• AIM OF THE EXERCISE: Scan the listing below for the string "DIRECTION" and copy each line where it turns up.

• THE INPUT:
= = = = = = =

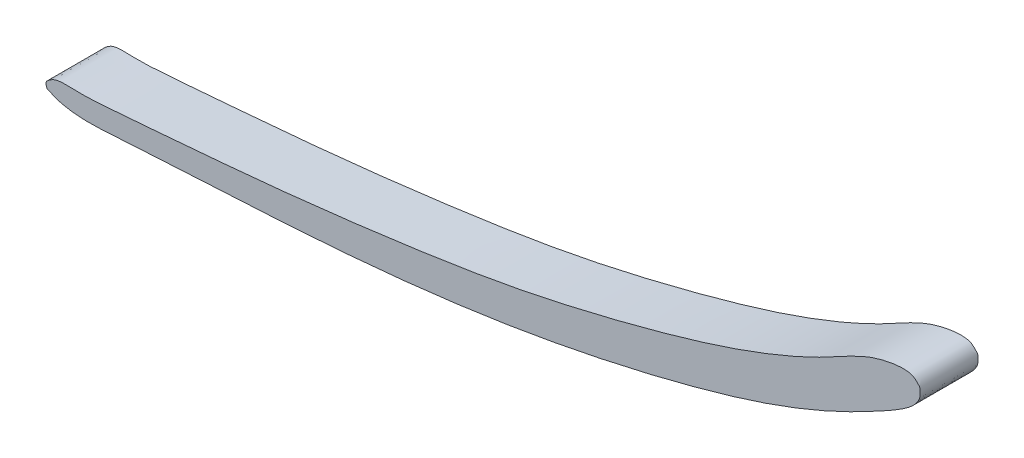
ISO-10303-21;
HEADER;
FILE_DESCRIPTION(('STEP AP214'),'2;1');
FILE_NAME('part.step','',(''),(''),'','','');
FILE_SCHEMA(('AUTOMOTIVE_DESIGN { 1 0 10303 214 1 1 1 1 }'));
ENDSEC;
DATA;
#1=APPLICATION_CONTEXT('core data for automotive mechanical design processes');
#2=APPLICATION_PROTOCOL_DEFINITION('international standard','automotive_design',2000,#1);
#3=PRODUCT_CONTEXT('',#1,'mechanical');
#4=PRODUCT('Part','Part','',(#3));
#5=PRODUCT_RELATED_PRODUCT_CATEGORY('part','',(#4));
#6=PRODUCT_DEFINITION_FORMATION('','',#4);
#7=PRODUCT_DEFINITION_CONTEXT('part definition',#1,'design');
#8=PRODUCT_DEFINITION('design','',#6,#7);
#9=PRODUCT_DEFINITION_SHAPE('','',#8);
#10=(LENGTH_UNIT() NAMED_UNIT(*) SI_UNIT(.MILLI.,.METRE.));
#11=(NAMED_UNIT(*) PLANE_ANGLE_UNIT() SI_UNIT($,.RADIAN.));
#12=(NAMED_UNIT(*) SI_UNIT($,.STERADIAN.) SOLID_ANGLE_UNIT());
#13=UNCERTAINTY_MEASURE_WITH_UNIT(LENGTH_MEASURE(1.E-05),#10,'distance_accuracy_value','');
#14=(GEOMETRIC_REPRESENTATION_CONTEXT(3) GLOBAL_UNCERTAINTY_ASSIGNED_CONTEXT((#13)) GLOBAL_UNIT_ASSIGNED_CONTEXT((#10,
#11,#12)) REPRESENTATION_CONTEXT('',''));
#15=CARTESIAN_POINT('',(0.,0.,0.));
#16=DIRECTION('',(0.,0.,1.));
#17=DIRECTION('',(1.,0.,0.));
#18=AXIS2_PLACEMENT_3D('',#15,#16,#17);
#19=CARTESIAN_POINT('',(67.9244180293989,0.,380.));
#20=CARTESIAN_POINT('',(67.8980827226914,0.0808874846875418,380.));
#21=CARTESIAN_POINT('',(67.8437519870506,0.146183378526621,380.));
#22=CARTESIAN_POINT('',(67.7304105694721,0.269860576595671,380.));
#23=CARTESIAN_POINT('',(67.6701066992551,0.328142792930919,380.));
#24=CARTESIAN_POINT('',(67.4930767753871,0.506789097964422,380.));
#25=CARTESIAN_POINT('',(67.3754815860878,0.627722730379698,380.));
#26=CARTESIAN_POINT('',(67.1814988715481,0.784949433293214,380.));
#27=CARTESIAN_POINT('',(67.1142900629273,0.833628055077473,380.));
#28=CARTESIAN_POINT('',(66.9708815776387,0.91782214535624,380.));
#29=CARTESIAN_POINT('',(66.8942977170675,0.954020744017403,380.));
#30=CARTESIAN_POINT('',(66.6585955543259,1.04458627408283,380.));
#31=CARTESIAN_POINT('',(66.4960970471957,1.08095822861115,380.));
#32=CARTESIAN_POINT('',(66.1659121181836,1.13048393172016,380.));
#33=CARTESIAN_POINT('',(65.9978237521445,1.14287797467205,380.));
#34=CARTESIAN_POINT('',(65.66484948565,1.15506162313816,380.));
#35=CARTESIAN_POINT('',(65.4989041745106,1.1543912544717,380.));
#36=CARTESIAN_POINT('',(65.0024970619218,1.13454779735811,380.));
#37=CARTESIAN_POINT('',(64.673328211938,1.09923807089962,380.));
#38=CARTESIAN_POINT('',(63.688316162584,0.962176359305011,380.));
#39=CARTESIAN_POINT('',(63.0347744470589,0.823029122241969,380.));
#40=CARTESIAN_POINT('',(61.7631205156361,0.476424362996053,380.));
#41=CARTESIAN_POINT('',(61.1416513865985,0.265644883098992,380.));
#42=CARTESIAN_POINT('',(59.3175463598382,-0.471891549475023,380.));
#43=CARTESIAN_POINT('',(58.1516567934419,-1.0946192132435,380.));
#44=CARTESIAN_POINT('',(56.4078281872059,-2.0415569353226,380.));
#45=CARTESIAN_POINT('',(55.8267903228693,-2.35781949207936,380.));
#46=CARTESIAN_POINT('',(54.6590962842587,-2.97580839573625,380.));
#47=CARTESIAN_POINT('',(54.0728248060745,-3.27853006385465,380.));
#48=CARTESIAN_POINT('',(52.3016449875141,-4.1547022057839,380.));
#49=CARTESIAN_POINT('',(51.1052447977944,-4.69841990665093,380.));
#50=CARTESIAN_POINT('',(48.6920494064283,-5.73308745173379,380.));
#51=CARTESIAN_POINT('',(47.4752601060874,-6.22405256435216,380.));
#52=CARTESIAN_POINT('',(43.802122786914,-7.6380367626937,380.));
#53=CARTESIAN_POINT('',(41.3193006166478,-8.49255948112776,380.));
#54=CARTESIAN_POINT('',(36.3035244346295,-10.0718991921712,380.));
#55=CARTESIAN_POINT('',(33.7722339214249,-10.8027024115782,380.));
#56=CARTESIAN_POINT('',(28.6849421482247,-12.1932145904519,380.));
#57=CARTESIAN_POINT('',(26.1305894174891,-12.8490705617333,380.));
#58=CARTESIAN_POINT('',(21.0059725680642,-14.0927192451237,380.));
#59=CARTESIAN_POINT('',(18.4363683137439,-14.6815677266137,380.));
#60=CARTESIAN_POINT('',(13.277492574711,-15.7703722846294,380.));
#61=CARTESIAN_POINT('',(10.6869040238936,-16.2678786080086,380.));
#62=CARTESIAN_POINT('',(5.49185483006941,-17.1706653348124,380.));
#63=CARTESIAN_POINT('',(2.88703857969561,-17.576972694024,380.));
#64=CARTESIAN_POINT('',(-2.3314338448699,-18.3349280893757,380.));
#65=CARTESIAN_POINT('',(-4.94461578611242,-18.6890100645052,380.));
#66=CARTESIAN_POINT('',(-10.174693939845,-19.3631406923846,380.));
#67=CARTESIAN_POINT('',(-12.7921525690243,-19.6810476511114,380.));
#68=CARTESIAN_POINT('',(-18.0321591835003,-20.2765633316638,380.));
#69=CARTESIAN_POINT('',(-20.654566234495,-20.550964155242,380.));
#70=CARTESIAN_POINT('',(-25.9032946001612,-21.0592774586322,380.));
#71=CARTESIAN_POINT('',(-28.5295173927531,-21.2950567597201,380.));
#72=CARTESIAN_POINT('',(-33.7837383558722,-21.7466130770187,380.));
#73=CARTESIAN_POINT('',(-36.4114006599268,-21.966004972311,380.));
#74=CARTESIAN_POINT('',(-40.3533834380296,-22.2890158777061,380.));
#75=CARTESIAN_POINT('',(-41.667553943192,-22.3945127438023,380.));
#76=CARTESIAN_POINT('',(-43.6393465195499,-22.5459233878259,380.));
#77=CARTESIAN_POINT('',(-44.2965407817983,-22.597458987013,380.));
#78=CARTESIAN_POINT('',(-45.6115064645182,-22.6919723447671,380.));
#79=CARTESIAN_POINT('',(-46.269485584589,-22.7353017031554,380.));
#80=CARTESIAN_POINT('',(-47.5870515146375,-22.783315661573,380.));
#81=CARTESIAN_POINT('',(-48.2457845167023,-22.7892769629878,380.));
#82=CARTESIAN_POINT('',(-49.2337857967943,-22.7627426197818,380.));
#83=CARTESIAN_POINT('',(-49.5631030685538,-22.7479425863981,380.));
#84=CARTESIAN_POINT('',(-50.2217925768605,-22.7381947634276,380.));
#85=CARTESIAN_POINT('',(-50.5513862645487,-22.7417875994527,380.));
#86=CARTESIAN_POINT('',(-51.0409658661352,-22.7870841953343,380.));
#87=CARTESIAN_POINT('',(-51.2033952206051,-22.8094190572499,380.));
#88=CARTESIAN_POINT('',(-51.5255736707704,-22.87947916336,380.));
#89=CARTESIAN_POINT('',(-51.6854844122682,-22.9277310801552,380.));
#90=CARTESIAN_POINT('',(-52.1340436819776,-23.1229409127101,380.));
#91=CARTESIAN_POINT('',(-52.4000778156136,-23.3211673184696,380.));
#92=CARTESIAN_POINT('',(-52.7204285614589,-23.5797172412932,380.));
#93=CARTESIAN_POINT('',(-52.7835989471737,-23.6371788054526,380.));
#94=CARTESIAN_POINT('',(-52.8609317331312,-23.783056290879,380.));
#95=CARTESIAN_POINT('',(-52.8776269809649,-23.8681547258022,380.));
#96=CARTESIAN_POINT('',(-52.8715545015156,-24.0335292293888,380.));
#97=CARTESIAN_POINT('',(-52.8543065940292,-24.1140071087037,380.));
#98=CARTESIAN_POINT('',(-52.819816431829,-24.2749637461241,380.));
#99=CARTESIAN_POINT('',(-52.7987122713346,-24.3553434026731,380.));
#100=CARTESIAN_POINT('',(-52.742657187952,-24.4660269903957,380.));
#101=CARTESIAN_POINT('',(-52.7200670390676,-24.5007146199069,380.));
#102=CARTESIAN_POINT('',(-52.6643555107444,-24.5614175002645,380.));
#103=CARTESIAN_POINT('',(-52.6307382072656,-24.5865128134026,380.));
#104=CARTESIAN_POINT('',(-52.5237629838539,-24.6484163666789,380.));
#105=CARTESIAN_POINT('',(-52.4441309452042,-24.6740515357303,380.));
#106=CARTESIAN_POINT('',(-52.2093059160125,-24.753707358067,380.));
#107=CARTESIAN_POINT('',(-52.0558576854918,-24.8148180878672,380.));
#108=CARTESIAN_POINT('',(-51.7507797415351,-24.9424417890892,380.));
#109=CARTESIAN_POINT('',(-51.5987251041437,-25.0080318992665,380.));
#110=CARTESIAN_POINT('',(-51.290772308899,-25.1251004348166,380.));
#111=CARTESIAN_POINT('',(-51.1348283305039,-25.1764106276925,380.));
#112=CARTESIAN_POINT('',(-50.6621648811304,-25.3126020512847,380.));
#113=CARTESIAN_POINT('',(-50.3410490393522,-25.3813417784947,380.));
#114=CARTESIAN_POINT('',(-49.6929316073853,-25.4972114022308,380.));
#115=CARTESIAN_POINT('',(-49.3650582179808,-25.5440624306643,380.));
#116=CARTESIAN_POINT('',(-48.7111807635962,-25.6162860552686,380.));
#117=CARTESIAN_POINT('',(-48.3844158061056,-25.6417629071474,380.));
#118=CARTESIAN_POINT('',(-47.4045544693038,-25.6916604443526,380.));
#119=CARTESIAN_POINT('',(-46.7518807319356,-25.6902148233248,380.));
#120=CARTESIAN_POINT('',(-45.4470076893009,-25.658287641293,380.));
#121=CARTESIAN_POINT('',(-44.7948204891251,-25.6270652309978,380.));
#122=CARTESIAN_POINT('',(-42.8385442609433,-25.5159327943076,380.));
#123=CARTESIAN_POINT('',(-41.5347008586148,-25.4233457781483,380.));
#124=CARTESIAN_POINT('',(-38.9266033551757,-25.252628281677,380.));
#125=CARTESIAN_POINT('',(-37.6222865569631,-25.1718480158558,380.));
#126=CARTESIAN_POINT('',(-33.7083709871079,-24.9459933052223,380.));
#127=CARTESIAN_POINT('',(-31.09784190331,-24.8168154822398,380.));
#128=CARTESIAN_POINT('',(-25.8774191166827,-24.5476030146287,380.));
#129=CARTESIAN_POINT('',(-23.2675635611287,-24.4068889053126,380.));
#130=CARTESIAN_POINT('',(-15.4412738590346,-23.9284982139152,380.));
#131=CARTESIAN_POINT('',(-10.227975643508,-23.5297512921371,380.));
#132=CARTESIAN_POINT('',(0.171861577279261,-22.4787884299001,380.));
#133=CARTESIAN_POINT('',(5.36158421555895,-21.8286977470625,380.));
#134=CARTESIAN_POINT('',(15.6861379450761,-20.2077649700896,380.));
#135=CARTESIAN_POINT('',(20.8250483209451,-19.2342938444913,380.));
#136=CARTESIAN_POINT('',(28.4842509671916,-17.5503560973159,380.));
#137=CARTESIAN_POINT('',(31.0289682578763,-16.9526079214017,380.));
#138=CARTESIAN_POINT('',(36.0951670774016,-15.6736609981585,380.));
#139=CARTESIAN_POINT('',(38.6173290505716,-14.9929346244229,380.));
#140=CARTESIAN_POINT('',(43.6299990832301,-13.5120922824956,380.));
#141=CARTESIAN_POINT('',(46.1208815122643,-12.7102674049742,380.));
#142=CARTESIAN_POINT('',(51.0348905763456,-10.9288799551273,380.));
#143=CARTESIAN_POINT('',(53.460709519367,-9.94493226941651,380.));
#144=CARTESIAN_POINT('',(58.216695925139,-7.77139023146861,380.));
#145=CARTESIAN_POINT('',(60.5482348546552,-6.58039438604385,380.));
#146=CARTESIAN_POINT('',(63.407986552383,-4.99579766464203,380.));
#147=CARTESIAN_POINT('',(63.9773652085571,-4.6737798244359,380.));
#148=CARTESIAN_POINT('',(64.8197193275285,-4.17151824312584,380.));
#149=CARTESIAN_POINT('',(65.0981769738753,-4.00033252500465,380.));
#150=CARTESIAN_POINT('',(65.6471020402947,-3.64503287526685,380.));
#151=CARTESIAN_POINT('',(65.918296833539,-3.4613934899273,380.));
#152=CARTESIAN_POINT('',(66.440436881978,-3.07157367314159,380.));
#153=CARTESIAN_POINT('',(66.6917500987747,-2.86521847424187,380.));
#154=CARTESIAN_POINT('',(67.1607368865974,-2.41304685703808,380.));
#155=CARTESIAN_POINT('',(67.3792315044415,-2.16317357826379,380.));
#156=CARTESIAN_POINT('',(67.6532757442726,-1.75518143493458,380.));
#157=CARTESIAN_POINT('',(67.7366153324638,-1.61301989194684,380.));
#158=CARTESIAN_POINT('',(67.8723550774667,-1.3121248681926,380.));
#159=CARTESIAN_POINT('',(67.9239269601411,-1.15720611076292,380.));
#160=CARTESIAN_POINT('',(67.9681872852655,-0.831214314116757,380.));
#161=CARTESIAN_POINT('',(67.9575759373682,-0.662942903009611,380.));
#162=CARTESIAN_POINT('',(67.9454282445663,-0.414328954666865,380.));
#163=CARTESIAN_POINT('',(67.9450805277485,-0.33132380475509,380.));
#164=CARTESIAN_POINT('',(67.9464783944526,-0.165237818516351,380.));
#165=CARTESIAN_POINT('',(67.9507533361064,-0.0808874846875418,380.));
#166=CARTESIAN_POINT('',(67.9244180293989,0.,380.));
#167=B_SPLINE_CURVE_WITH_KNOTS('',3,(#19,#20,#21,#22,#23,#24,#25,#26,#27,#28,#29,#30,#31,#32,
#33,#34,#35,#36,#37,#38,#39,#40,#41,#42,#43,#44,#45,#46,#47,#48,#49,#50,#51,#52,#53,#54,#55,#56,
#57,#58,#59,#60,#61,#62,#63,#64,#65,#66,#67,#68,#69,#70,#71,#72,#73,#74,#75,#76,#77,#78,#79,#80,
#81,#82,#83,#84,#85,#86,#87,#88,#89,#90,#91,#92,#93,#94,#95,#96,#97,#98,#99,#100,#101,#102,#103,
#104,#105,#106,#107,#108,#109,#110,#111,#112,#113,#114,#115,#116,#117,#118,#119,#120,#121,#122,
#123,#124,#125,#126,#127,#128,#129,#130,#131,#132,#133,#134,#135,#136,#137,#138,#139,#140,#141,
#142,#143,#144,#145,#146,#147,#148,#149,#150,#151,#152,#153,#154,#155,#156,#157,#158,#159,#160,
#161,#162,#163,#164,#165,#166),.UNSPECIFIED.,.T.,.F.,(4,2,2,2,2,2,2,2,2,2,2,2,2,2,2,2,2,2,2,2,2,
2,2,2,2,2,2,2,2,2,2,2,2,2,2,2,2,2,2,2,2,2,2,2,2,2,2,2,2,2,2,2,2,2,2,2,2,2,2,2,2,2,2,2,2,2,2,2,2,
2,2,2,2,4),(0.,0.000976562499999842,0.00195312499999968,0.00390624999999948,0.00488281249999938,
0.00585937499999928,0.00781249999999923,0.00976562499999918,0.0117187499999991,
0.0156249999999992,0.0234374999999991,0.0312499999999991,0.0468749999999989,0.0546874999999989,
0.0624999999999988,0.0781249999999985,0.0937499999999983,0.124999999999998,0.156249999999998,
0.187499999999997,0.218749999999997,0.249999999999996,0.281249999999996,0.312499999999996,
0.343749999999995,0.374999999999995,0.406249999999995,0.437499999999995,0.453124999999994,
0.460937499999994,0.468749999999994,0.476562499999994,0.480468749999994,0.484374999999994,
0.486328124999994,0.488281249999994,0.492187499999994,0.493164062499994,0.494140624999994,
0.495117187499994,0.496093749999994,0.496582031249994,0.497070312499994,0.498046874999994,
0.499999999999994,0.501953124999994,0.503906249999994,0.507812499999994,0.511718749999994,
0.515624999999994,0.523437499999994,0.531249999999994,0.546874999999995,0.562499999999995,
0.593749999999995,0.624999999999996,0.687499999999996,0.749999999999997,0.812499999999998,
0.843749999999998,0.874999999999998,0.906249999999998,0.937499999999999,0.968749999999999,
0.976562499999999,0.980468749999999,0.984375,0.98828125,0.9921875,0.994140625,0.99609375,
0.998046875,0.9990234375,1.),.UNSPECIFIED.);
#168=DIRECTION('',(0.,0.,-1.));
#169=VECTOR('',#168,1.);
#170=SURFACE_OF_LINEAR_EXTRUSION('',#167,#169);
#171=CARTESIAN_POINT('',(67.9244180293989,0.,380.));
#172=CARTESIAN_POINT('',(67.9507533361064,-0.0808874846875418,380.));
#173=CARTESIAN_POINT('',(67.9464783944526,-0.165237818516351,380.));
#174=CARTESIAN_POINT('',(67.9450805277485,-0.33132380475509,380.));
#175=CARTESIAN_POINT('',(67.9454282445663,-0.414328954666865,380.));
#176=CARTESIAN_POINT('',(67.9575759373682,-0.662942903009611,380.));
#177=CARTESIAN_POINT('',(67.9681872852655,-0.831214314116757,380.));
#178=CARTESIAN_POINT('',(67.9239269601411,-1.15720611076292,380.));
#179=CARTESIAN_POINT('',(67.8723550774667,-1.3121248681926,380.));
#180=CARTESIAN_POINT('',(67.7366153324638,-1.61301989194684,380.));
#181=CARTESIAN_POINT('',(67.6532757442726,-1.75518143493458,380.));
#182=CARTESIAN_POINT('',(67.3792315044415,-2.16317357826379,380.));
#183=CARTESIAN_POINT('',(67.1607368865974,-2.41304685703808,380.));
#184=CARTESIAN_POINT('',(66.6917500987747,-2.86521847424187,380.));
#185=CARTESIAN_POINT('',(66.440436881978,-3.07157367314159,380.));
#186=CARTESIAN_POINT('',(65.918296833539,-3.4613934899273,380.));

= = = = = = =

• RESULT OF THE EXERCISE:
#16=DIRECTION('',(0.,0.,1.));
#17=DIRECTION('',(1.,0.,0.));
#168=DIRECTION('',(0.,0.,-1.));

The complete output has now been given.